# What kind of brick mailbox?



## lukachuki (Feb 11, 2005)

Hello All,

My mailbox is in need of rebuilding and I'm trying to think of something interesting to do using brick or stone etc. I would like something that is kind of different from just a capped pillar with ahole in it. Any collective wisdom? What are some of the best mailboxes that you guys have built or seen?

Thanks,
Tim


----------



## jvcstone (Apr 4, 2005)

Best I ever saw was a pony express rider on a galloping horse, complete with cactus and a rattle snake, all carved out of a single block of limestone. It sat in front of a house just south of Dripping Springs Texas for many years, but has since been moved (or destroyed???). I might have a picture of it around here somewhere, and if I can find it , I'll post it up.

JVC


----------



## Teetorbilt (Feb 12, 2004)

Whatever you do, it needs the approval of the postmaster. See here
http://pe.usps.com/text/dmm300/508.htm#wp1051804


----------



## lukachuki (Feb 11, 2005)

Teetorbilt said:


> Whatever you do, it needs the approval of the postmaster. See here
> http://pe.usps.com/text/dmm300/508.htm#wp1051804


sheesh...we just moved into this house and the previous owner just had it marginally attached in a bush...so just about anything will be an improvement...

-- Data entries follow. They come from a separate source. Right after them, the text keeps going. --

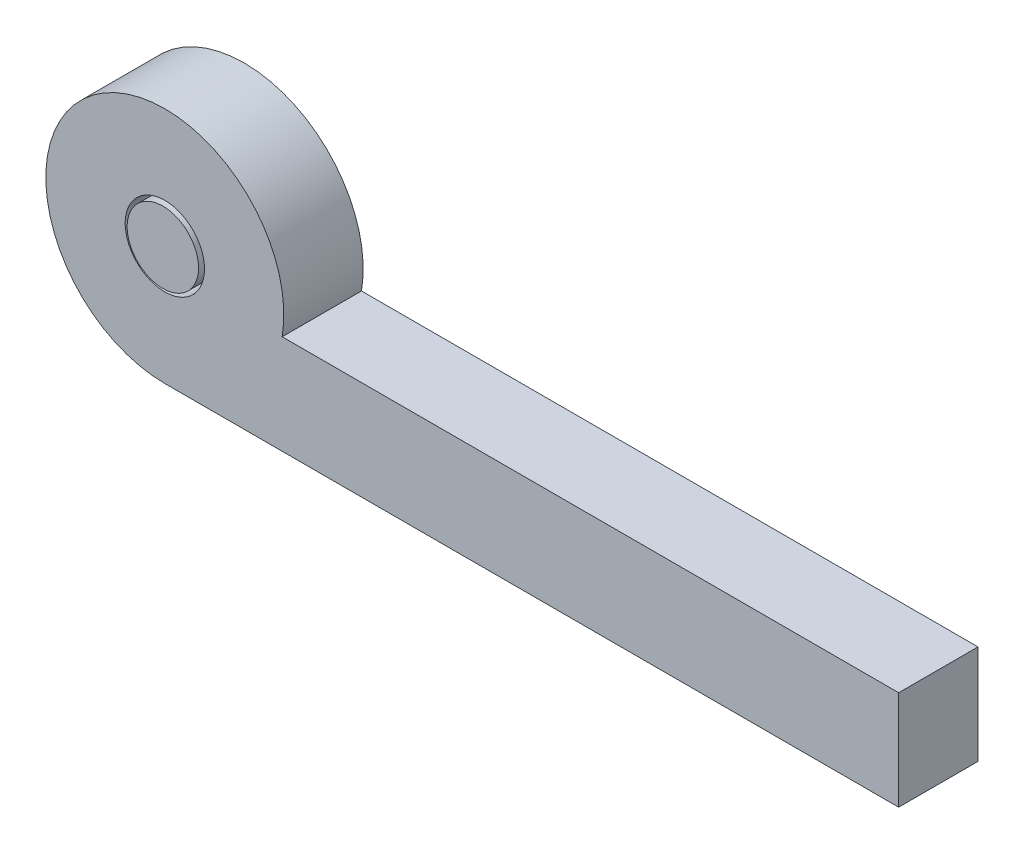
from build123d import *

# Parameters (mm, degrees)
SKETCH1_R           = 19.05
BOSS_EXTRUDE1_DEPTH = 6.35
BOSS_EXTRUDE2_DEPTH = 12.7
SKETCH3_R           = 6.35
CUT_EXTRUDE1_DEPTH  = 111.807045128
SKETCH4_R           = 5.715
BOSS_EXTRUDE3_DEPTH = 6.6675


with BuildPart() as part:
    # Sketch1 → Boss-Extrude1 (new, symmetric)
    with BuildSketch(Plane.XY):
        with Locations((-73.025, -41.275)):
            Circle(SKETCH1_R)
    extrude(amount=BOSS_EXTRUDE1_DEPTH, both=True)

    # Sketch2 → Boss-Extrude2 (add)
    with BuildSketch(Plane.XY.offset(6.35)):
        with BuildLine():
            Line((-54.241446689, -44.45), (44.45, -44.45))
            Line((44.45, -44.45), (44.45, -60.325))
            Line((44.45, -60.325), (-73.025, -60.325))
            ThreePointArc((-73.025, -60.325), (-60.728277876, -55.824677831), (-54.241446689, -44.45))
        make_face()
    extrude(amount=-BOSS_EXTRUDE2_DEPTH)

    # Sketch3 → Cut-Extrude1 (cut, through all)
    with BuildSketch(Plane.XY.offset(6.35)):
        with Locations((-73.025, -41.275)):
            Circle(SKETCH3_R)
    extrude(amount=-CUT_EXTRUDE1_DEPTH, mode=Mode.SUBTRACT)


with BuildPart() as body_2:
    # Sketch4 → Boss-Extrude3 (new, symmetric)
    with BuildSketch(Plane.XY):
        with Locations((-73.025, -41.275)):
            Circle(SKETCH4_R)
    extrude(amount=BOSS_EXTRUDE3_DEPTH, both=True)


solid = Compound([part.part, body_2.part])
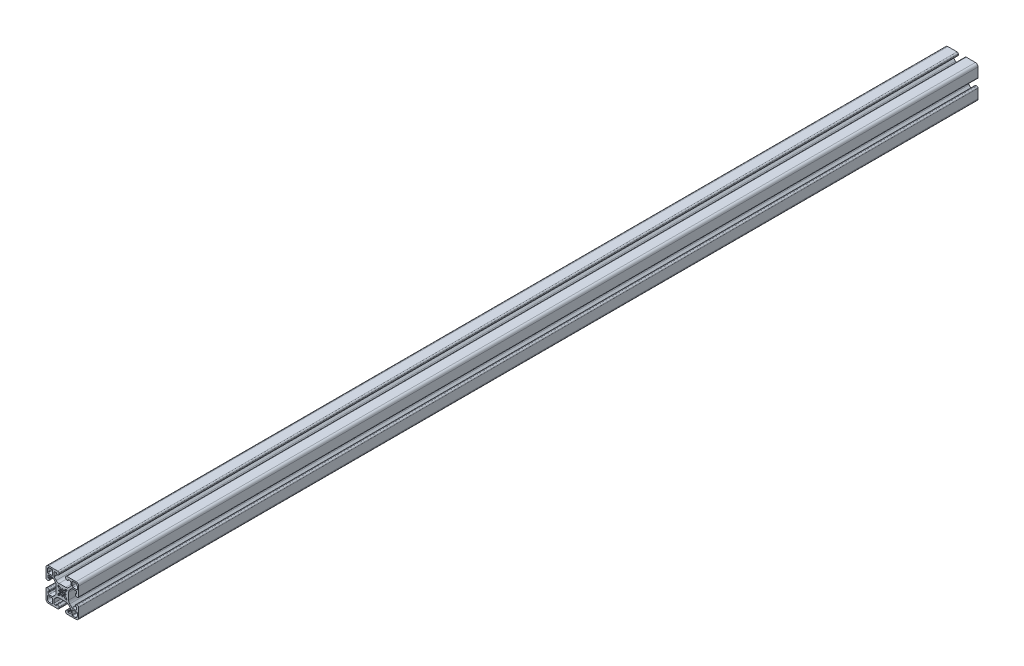
from build123d import *

# Parameters (mm, degrees)
EXTRUDE1_DEPTH = 550


with BuildPart() as part:
    # Sketch1 → Extrude1 (new, symmetric)
    with BuildSketch(Plane.XY):
        with BuildLine():
            Line((-5.63, 20), (-16.83, 20))
            ThreePointArc((-16.83, 20), (-19.071528496, 19.071528497), (-20, 16.83))
            Line((-20, 16.83), (-20, 5.63))
            ThreePointArc((-20, 5.63), (-19.540157646, 4.519842354), (-18.43, 4.06))
            Line((-18.43, 4.06), (-17.57, 4.06))
            ThreePointArc((-17.57, 4.06), (-16.459842353, 4.519842354), (-16, 5.63))
            Line((-16, 5.63), (-16, 6.605))
            ThreePointArc((-16, 6.605), (-16.073223305, 6.781776695), (-16.25, 6.855))
            Line((-16.25, 6.855), (-17.25, 6.855))
            ThreePointArc((-17.25, 6.855), (-17.426776695, 6.928223305), (-17.5, 7.105))
            Line((-17.5, 7.105), (-17.5, 9.015))
            ThreePointArc((-17.5, 9.015), (-17.128025612, 9.913025612), (-16.23, 10.285))
            Line((-16.23, 10.285), (-12.216214635, 10.285))
            ThreePointArc((-12.216214635, 10.285), (-11.875626381, 10.217252784), (-11.5868896, 10.024325035))
            Line((-11.5868896, 10.024325035), (-9.076242789, 7.513678225))
            ThreePointArc((-9.076242789, 7.513678225), (-8.04657222, 5.972667318), (-7.685, 4.154921014))
            Line((-7.685, 4.154921014), (-7.685, -4.154921014))
            ThreePointArc((-7.685, -4.154921014), (-8.04657222, -5.972667317), (-9.076242789, -7.513678224))
            Line((-9.076242789, -7.513678224), (-11.5868896, -10.024325035))
            ThreePointArc((-11.5868896, -10.024325035), (-11.875626381, -10.217252784), (-12.216214635, -10.285))
            Line((-12.216214635, -10.285), (-16.23, -10.285))
            ThreePointArc((-16.23, -10.285), (-17.128025612, -9.913025612), (-17.5, -9.015))
            Line((-17.5, -9.015), (-17.5, -7.105))
            ThreePointArc((-17.5, -7.105), (-17.426776695, -6.928223305), (-17.25, -6.855))
            Line((-17.25, -6.855), (-16.25, -6.855))
            ThreePointArc((-16.25, -6.855), (-16.073223305, -6.781776695), (-16, -6.605))
            Line((-16, -6.605), (-16, -5.63))
            ThreePointArc((-16, -5.63), (-16.459842353, -4.519842353), (-17.57, -4.06))
            Line((-17.57, -4.06), (-18.43, -4.06))
            ThreePointArc((-18.43, -4.06), (-19.540157646, -4.519842353), (-20, -5.63))
            Line((-20, -5.63), (-20, -16.83))
            ThreePointArc((-20, -16.83), (-19.071528496, -19.071528496), (-16.83, -20))
            Line((-16.83, -20), (-5.63, -20))
            ThreePointArc((-5.63, -20), (-4.519842353, -19.540157646), (-4.06, -18.43))
            Line((-4.06, -18.43), (-4.06, -17.57))
            ThreePointArc((-4.06, -17.57), (-4.519842353, -16.459842353), (-5.63, -16))
            Line((-5.63, -16), (-6.605, -16))
            ThreePointArc((-6.605, -16), (-6.781776695, -16.073223305), (-6.855, -16.25))
            Line((-6.855, -16.25), (-6.855, -17.25))
            ThreePointArc((-6.855, -17.25), (-6.928223305, -17.426776695), (-7.105, -17.5))
            Line((-7.105, -17.5), (-9.015, -17.5))
            ThreePointArc((-9.015, -17.5), (-9.913025612, -17.128025612), (-10.285, -16.23))
            Line((-10.285, -16.23), (-10.285, -12.216214636))
            ThreePointArc((-10.285, -12.216214636), (-10.217252784, -11.875626381), (-10.024325035, -11.5868896))
            Line((-10.024325035, -11.5868896), (-7.513678224, -9.076242789))
            ThreePointArc((-7.513678224, -9.076242789), (-5.972667317, -8.046572221), (-4.154921014, -7.685))
            Line((-4.154921014, -7.685), (4.154921014, -7.685))
            ThreePointArc((4.154921014, -7.685), (5.972667318, -8.046572221), (7.513678225, -9.076242789))
            Line((7.513678225, -9.076242789), (10.024325035, -11.5868896))
            ThreePointArc((10.024325035, -11.5868896), (10.217252784, -11.87562638), (10.285, -12.216214635))
            Line((10.285, -12.216214635), (10.285, -16.23))
            ThreePointArc((10.285, -16.23), (9.913025612, -17.128025612), (9.015, -17.5))
            Line((9.015, -17.5), (7.105, -17.5))
            ThreePointArc((7.105, -17.5), (6.928223305, -17.426776695), (6.855, -17.25))
            Line((6.855, -17.25), (6.855, -16.25))
            ThreePointArc((6.855, -16.25), (6.781776695, -16.073223305), (6.605, -16))
            Line((6.605, -16), (5.63, -16))
            ThreePointArc((5.63, -16), (4.519842354, -16.459842353), (4.06, -17.57))
            Line((4.06, -17.57), (4.06, -18.43))
            ThreePointArc((4.06, -18.43), (4.519842354, -19.540157646), (5.63, -20))
            Line((5.63, -20), (16.83, -20))
            ThreePointArc((16.83, -20), (19.071528496, -19.071528496), (20, -16.83))
            Line((20, -16.83), (20, -5.63))
            ThreePointArc((20, -5.63), (19.540157647, -4.519842353), (18.43, -4.06))
            Line((18.43, -4.06), (17.57, -4.06))
            ThreePointArc((17.57, -4.06), (16.459842354, -4.519842353), (16, -5.63))
            Line((16, -5.63), (16, -6.605))
            ThreePointArc((16, -6.605), (16.073223305, -6.781776695), (16.25, -6.855))
            Line((16.25, -6.855), (17.25, -6.855))
            ThreePointArc((17.25, -6.855), (17.426776695, -6.928223305), (17.5, -7.105))
            Line((17.5, -7.105), (17.5, -9.015))
            ThreePointArc((17.5, -9.015), (17.128025612, -9.913025612), (16.23, -10.285))
            Line((16.23, -10.285), (12.216214636, -10.285))
            ThreePointArc((12.216214636, -10.285), (11.875626381, -10.217252784), (11.5868896, -10.024325035))
            Line((11.5868896, -10.024325035), (9.076242789, -7.513678224))
            ThreePointArc((9.076242789, -7.513678224), (8.046572221, -5.972667317), (7.685, -4.154921014))
            Line((7.685, -4.154921014), (7.685, 4.154921014))
            ThreePointArc((7.685, 4.154921014), (8.046572221, 5.972667318), (9.076242789, 7.513678224))
            Line((9.076242789, 7.513678224), (11.5868896, 10.024325035))
            ThreePointArc((11.5868896, 10.024325035), (11.875626381, 10.217252784), (12.216214636, 10.285))
            Line((12.216214636, 10.285), (16.23, 10.285))
            ThreePointArc((16.23, 10.285), (17.128025612, 9.913025612), (17.5, 9.015))
            Line((17.5, 9.015), (17.5, 7.105))
            ThreePointArc((17.5, 7.105), (17.426776695, 6.928223305), (17.25, 6.855))
            Line((17.25, 6.855), (16.25, 6.855))
            ThreePointArc((16.25, 6.855), (16.073223305, 6.781776695), (16, 6.605))
            Line((16, 6.605), (16, 5.63))
            ThreePointArc((16, 5.63), (16.459842354, 4.519842354), (17.57, 4.06))
            Line((17.57, 4.06), (18.43, 4.06))
            ThreePointArc((18.43, 4.06), (19.540157647, 4.519842354), (20, 5.63))
            Line((20, 5.63), (20, 16.83))
            ThreePointArc((20, 16.83), (19.071528496, 19.071528497), (16.83, 20))
            Line((16.83, 20), (5.63, 20))
            ThreePointArc((5.63, 20), (4.519842354, 19.540157647), (4.06, 18.43))
            Line((4.06, 18.43), (4.06, 17.57))
            ThreePointArc((4.06, 17.57), (4.519842354, 16.459842354), (5.63, 16))
            Line((5.63, 16), (6.605, 16))
            ThreePointArc((6.605, 16), (6.781776695, 16.073223305), (6.855, 16.25))
            Line((6.855, 16.25), (6.855, 17.25))
            ThreePointArc((6.855, 17.25), (6.928223305, 17.426776695), (7.105, 17.5))
            Line((7.105, 17.5), (9.015, 17.5))
            ThreePointArc((9.015, 17.5), (9.913025612, 17.128025612), (10.285, 16.23))
            Line((10.285, 16.23), (10.285, 12.216214636))
            ThreePointArc((10.285, 12.216214636), (10.217252784, 11.875626381), (10.024325035, 11.5868896))
            Line((10.024325035, 11.5868896), (7.513678224, 9.07624279))
            ThreePointArc((7.513678224, 9.07624279), (5.972667318, 8.046572221), (4.154921014, 7.685))
            Line((4.154921014, 7.685), (-4.154921014, 7.685))
            ThreePointArc((-4.154921014, 7.685), (-5.972667317, 8.046572221), (-7.513678224, 9.07624279))
            Line((-7.513678224, 9.07624279), (-10.024325035, 11.5868896))
            ThreePointArc((-10.024325035, 11.5868896), (-10.217252784, 11.875626381), (-10.285, 12.216214636))
            Line((-10.285, 12.216214636), (-10.285, 16.23))
            ThreePointArc((-10.285, 16.23), (-9.913025612, 17.128025612), (-9.015, 17.5))
            Line((-9.015, 17.5), (-7.105, 17.5))
            ThreePointArc((-7.105, 17.5), (-6.928223305, 17.426776695), (-6.855, 17.25))
            Line((-6.855, 17.25), (-6.855, 16.25))
            ThreePointArc((-6.855, 16.25), (-6.781776695, 16.073223305), (-6.605, 16))
            Line((-6.605, 16), (-5.63, 16))
            ThreePointArc((-5.63, 16), (-4.519842353, 16.459842354), (-4.06, 17.57))
            Line((-4.06, 17.57), (-4.06, 18.43))
            ThreePointArc((-4.06, 18.43), (-4.519842353, 19.540157647), (-5.63, 20))
        make_face()
        with BuildLine():
            Line((-5.126252184, -3.712038621), (-5.43930974, -4.848116849))
            ThreePointArc((-5.43930974, -4.848116849), (-5.303300859, -5.303300859), (-4.84811685, -5.43930974))
            Line((-4.84811685, -5.43930974), (-3.712038621, -5.126252183))
            Line((-3.712038621, -5.126252183), (-1.590718277, -3.00493184))
            ThreePointArc((-1.590718277, -3.00493184), (-1.120609643, -3.210020877), (-0.625, -3.342061489))
            Line((-0.625, -3.342061489), (-0.492259234, -4.087640441))
            ThreePointArc((-0.492259234, -4.087640441), (0, -4.5), (0.492259234, -4.087640441))
            Line((0.492259234, -4.087640441), (0.625, -3.342061489))
            ThreePointArc((0.625, -3.342061489), (1.120609643, -3.210020877), (1.590718277, -3.00493184))
            Line((1.590718277, -3.00493184), (3.712038621, -5.126252184))
            Line((3.712038621, -5.126252184), (4.84811685, -5.43930974))
            ThreePointArc((4.84811685, -5.43930974), (5.303300859, -5.303300859), (5.43930974, -4.848116849))
            Line((5.43930974, -4.848116849), (5.126252184, -3.712038621))
            Line((5.126252184, -3.712038621), (3.00493184, -1.590718277))
            ThreePointArc((3.00493184, -1.590718277), (3.210020877, -1.120609643), (3.342061489, -0.625))
            Line((3.342061489, -0.625), (4.087640441, -0.492259234))
            ThreePointArc((4.087640441, -0.492259234), (4.5, 0), (4.087640441, 0.492259234))
            Line((4.087640441, 0.492259234), (3.342061489, 0.625))
            ThreePointArc((3.342061489, 0.625), (3.210020877, 1.120609643), (3.00493184, 1.590718277))
            Line((3.00493184, 1.590718277), (5.126252183, 3.712038621))
            Line((5.126252183, 3.712038621), (5.43930974, 4.84811685))
            ThreePointArc((5.43930974, 4.84811685), (5.303300859, 5.303300859), (4.848116849, 5.43930974))
            Line((4.848116849, 5.43930974), (3.712038621, 5.126252184))
            Line((3.712038621, 5.126252184), (1.590718277, 3.00493184))
            ThreePointArc((1.590718277, 3.00493184), (1.120609643, 3.210020877), (0.625, 3.342061489))
            Line((0.625, 3.342061489), (0.492259234, 4.087640441))
            ThreePointArc((0.492259234, 4.087640441), (0, 4.5), (-0.492259234, 4.087640441))
            Line((-0.492259234, 4.087640441), (-0.625, 3.342061489))
            ThreePointArc((-0.625, 3.342061489), (-1.120609643, 3.210020877), (-1.590718277, 3.00493184))
            Line((-1.590718277, 3.00493184), (-3.712038621, 5.126252183))
            Line((-3.712038621, 5.126252183), (-4.84811685, 5.43930974))
            ThreePointArc((-4.84811685, 5.43930974), (-5.303300859, 5.303300859), (-5.43930974, 4.84811685))
            Line((-5.43930974, 4.84811685), (-5.126252184, 3.712038621))
            Line((-5.126252184, 3.712038621), (-3.00493184, 1.590718277))
            ThreePointArc((-3.00493184, 1.590718277), (-3.210020877, 1.120609643), (-3.342061489, 0.625))
            Line((-3.342061489, 0.625), (-4.087640441, 0.492259234))
            ThreePointArc((-4.087640441, 0.492259234), (-4.5, 0), (-4.087640441, -0.492259234))
            Line((-4.087640441, -0.492259234), (-3.342061489, -0.625))
            ThreePointArc((-3.342061489, -0.625), (-3.210020877, -1.120609643), (-3.00493184, -1.590718277))
            Line((-3.00493184, -1.590718277), (-5.126252184, -3.712038621))
        make_face(mode=Mode.SUBTRACT)
        with BuildLine():
            Line((-12.4898, 18.345), (-15.545, 18.345))
            ThreePointArc((-15.545, 18.345), (-17.524898987, 17.524898987), (-18.345, 15.545))
            Line((-18.345, 15.545), (-18.345, 12.4898))
            ThreePointArc((-18.345, 12.4898), (-18.160477272, 12.044322728), (-17.715, 11.8598))
            Line((-17.715, 11.8598), (-13.1298, 11.8598))
            ThreePointArc((-13.1298, 11.8598), (-12.231774388, 12.231774388), (-11.8598, 13.1298))
            Line((-11.8598, 13.1298), (-11.8598, 17.715))
            ThreePointArc((-11.8598, 17.715), (-12.044322728, 18.160477272), (-12.4898, 18.345))
        make_face(mode=Mode.SUBTRACT)
        with BuildLine():
            Line((18.345, 12.4898), (18.345, 15.545))
            ThreePointArc((18.345, 15.545), (17.524898987, 17.524898987), (15.545, 18.345))
            Line((15.545, 18.345), (12.4898, 18.345))
            ThreePointArc((12.4898, 18.345), (12.044322728, 18.160477272), (11.8598, 17.715))
            Line((11.8598, 17.715), (11.8598, 13.1298))
            ThreePointArc((11.8598, 13.1298), (12.231774388, 12.231774388), (13.1298, 11.8598))
            Line((13.1298, 11.8598), (17.715, 11.8598))
            ThreePointArc((17.715, 11.8598), (18.160477272, 12.044322728), (18.345, 12.4898))
        make_face(mode=Mode.SUBTRACT)
        with BuildLine():
            Line((-18.345, -12.4898), (-18.345, -15.545))
            ThreePointArc((-18.345, -15.545), (-17.524898987, -17.524898987), (-15.545, -18.345))
            Line((-15.545, -18.345), (-12.4898, -18.345))
            ThreePointArc((-12.4898, -18.345), (-12.044322728, -18.160477272), (-11.8598, -17.715))
            Line((-11.8598, -17.715), (-11.8598, -13.1298))
            ThreePointArc((-11.8598, -13.1298), (-12.231774388, -12.231774388), (-13.1298, -11.8598))
            Line((-13.1298, -11.8598), (-17.715, -11.8598))
            ThreePointArc((-17.715, -11.8598), (-18.160477272, -12.044322728), (-18.345, -12.4898))
        make_face(mode=Mode.SUBTRACT)
        with BuildLine():
            Line((12.4898, -18.345), (15.545, -18.345))
            ThreePointArc((15.545, -18.345), (17.524898987, -17.524898987), (18.345, -15.545))
            Line((18.345, -15.545), (18.345, -12.4898))
            ThreePointArc((18.345, -12.4898), (18.160477272, -12.044322728), (17.715, -11.8598))
            Line((17.715, -11.8598), (13.1298, -11.8598))
            ThreePointArc((13.1298, -11.8598), (12.231774388, -12.231774388), (11.8598, -13.1298))
            Line((11.8598, -13.1298), (11.8598, -17.715))
            ThreePointArc((11.8598, -17.715), (12.044322728, -18.160477272), (12.4898, -18.345))
        make_face(mode=Mode.SUBTRACT)
    extrude(amount=EXTRUDE1_DEPTH, both=True)


solid = part.part
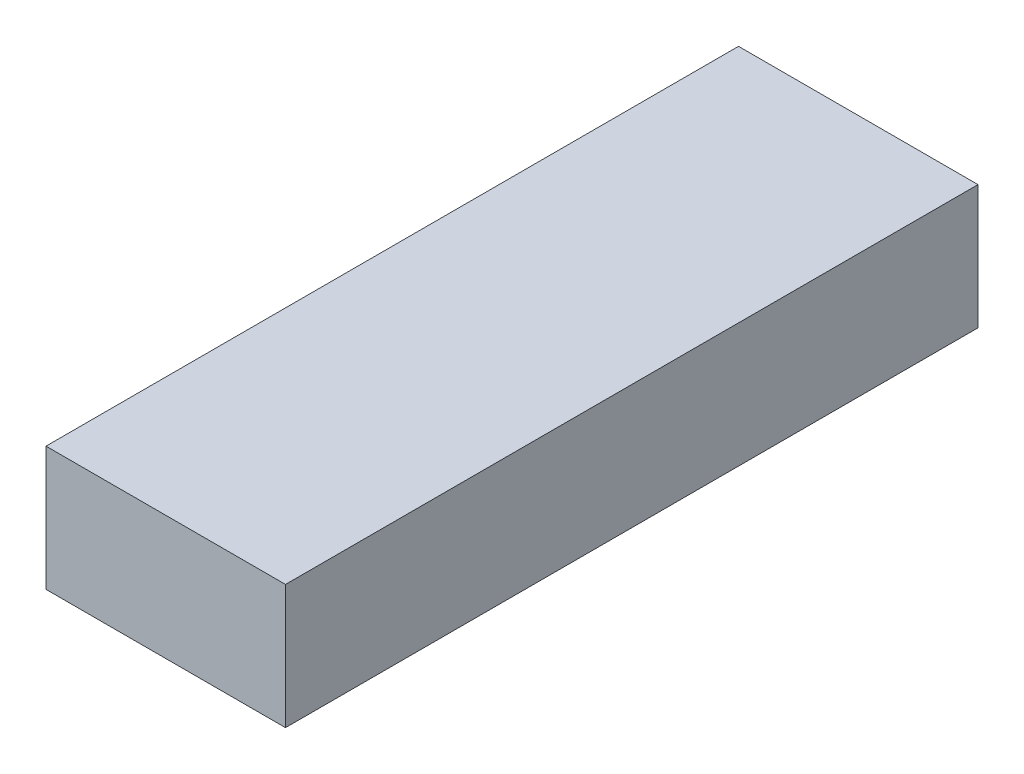
from build123d import *

# Parameters (mm, degrees)
SKETCH1_W           = 33.2
SKETCH1_H           = 17.2
BOSS_EXTRUDE1_DEPTH = 96


with BuildPart() as part:
    # Sketch1 → Boss-Extrude1 (new body)
    with BuildSketch(Plane.XY):
        Rectangle(SKETCH1_W, SKETCH1_H)
    extrude(amount=BOSS_EXTRUDE1_DEPTH)


solid = part.part

I will read through the link just to make sure that whatever is decided upon suits my postman.

thanks
Tim


----------



## lukachuki (Feb 11, 2005)

jvcstone said:


> Best I ever saw was a pony express rider on a galloping horse, complete with cactus and a rattle snake, all carved out of a single block of limestone. It sat in front of a house just south of Dripping Springs Texas for many years, but has since been moved (or destroyed???). I might have a picture of it around here somewhere, and if I can find it , I'll post it up.
> 
> JVC



JVC
Wow sounds really nice... a picture would be great although it sounds a little beyond my skill level.


----------



## stacker (Jan 31, 2006)

*spec*

i belive the mailbox can be any shape or size.the only specs the post office really requires is height of the bottom of the mailbox it's self(which i belive it 40 to 42 inches)and how far off the street it sits.that i cant tell you.i generally build it right up againest the curb.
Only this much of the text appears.